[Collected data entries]
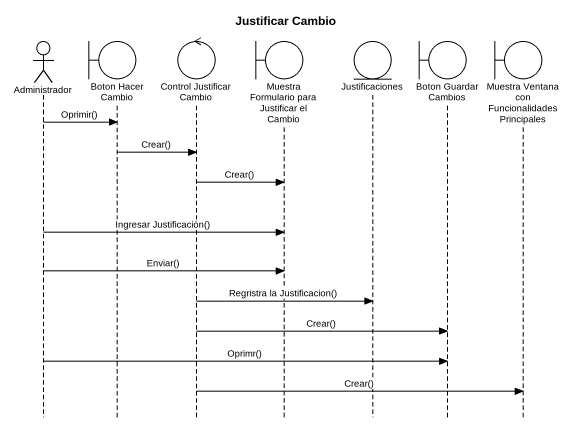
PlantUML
@startuml
title Justificar Cambio
hide footbox
actor Administrador
boundary "Boton Hacer Cambio" as Boton_Hacer_Cambio
control "Control Justificar Cambio" as Control_Justificar_Cambio
boundary "Muestra Formulario para Justificar el Cambio" as Muestra_Formulario_para
entity Justificaciones
boundary "Boton Guardar Cambios" as Boton_Guardar_Cambios
boundary "Muestra Ventana con Funcionalidades Principales" as Muestra_Ventana_con

Administrador -> Boton_Hacer_Cambio : Oprimir()
Boton_Hacer_Cambio -> Control_Justificar_Cambio : Crear()
Control_Justificar_Cambio -> Muestra_Formulario_para : Crear()
Administrador -> Muestra_Formulario_para : Ingresar Justificación()
Administrador -> Muestra_Formulario_para : Enviar()
Control_Justificar_Cambio -> Justificaciones : Regristra la Justificacion()
Control_Justificar_Cambio -> Boton_Guardar_Cambios : Crear()
Administrador -> Boton_Guardar_Cambios : Oprimr()
Control_Justificar_Cambio -> Muestra_Ventana_con : Crear()
@enduml

Directions for this task:
Beginning with the line above that contains "Control_Justificar_Cambio -> Muestra_Formulario_para", copy each line exactly up to and including the line that contains "Administrador -> Boton_Guardar_Cambios", and go no further.

Response:
Control_Justificar_Cambio -> Muestra_Formulario_para : Crear()
Administrador -> Muestra_Formulario_para : Ingresar Justificación()
Administrador -> Muestra_Formulario_para : Enviar()
Control_Justificar_Cambio -> Justificaciones : Regristra la Justificacion()
Control_Justificar_Cambio -> Boton_Guardar_Cambios : Crear()
Administrador -> Boton_Guardar_Cambios : Oprimr()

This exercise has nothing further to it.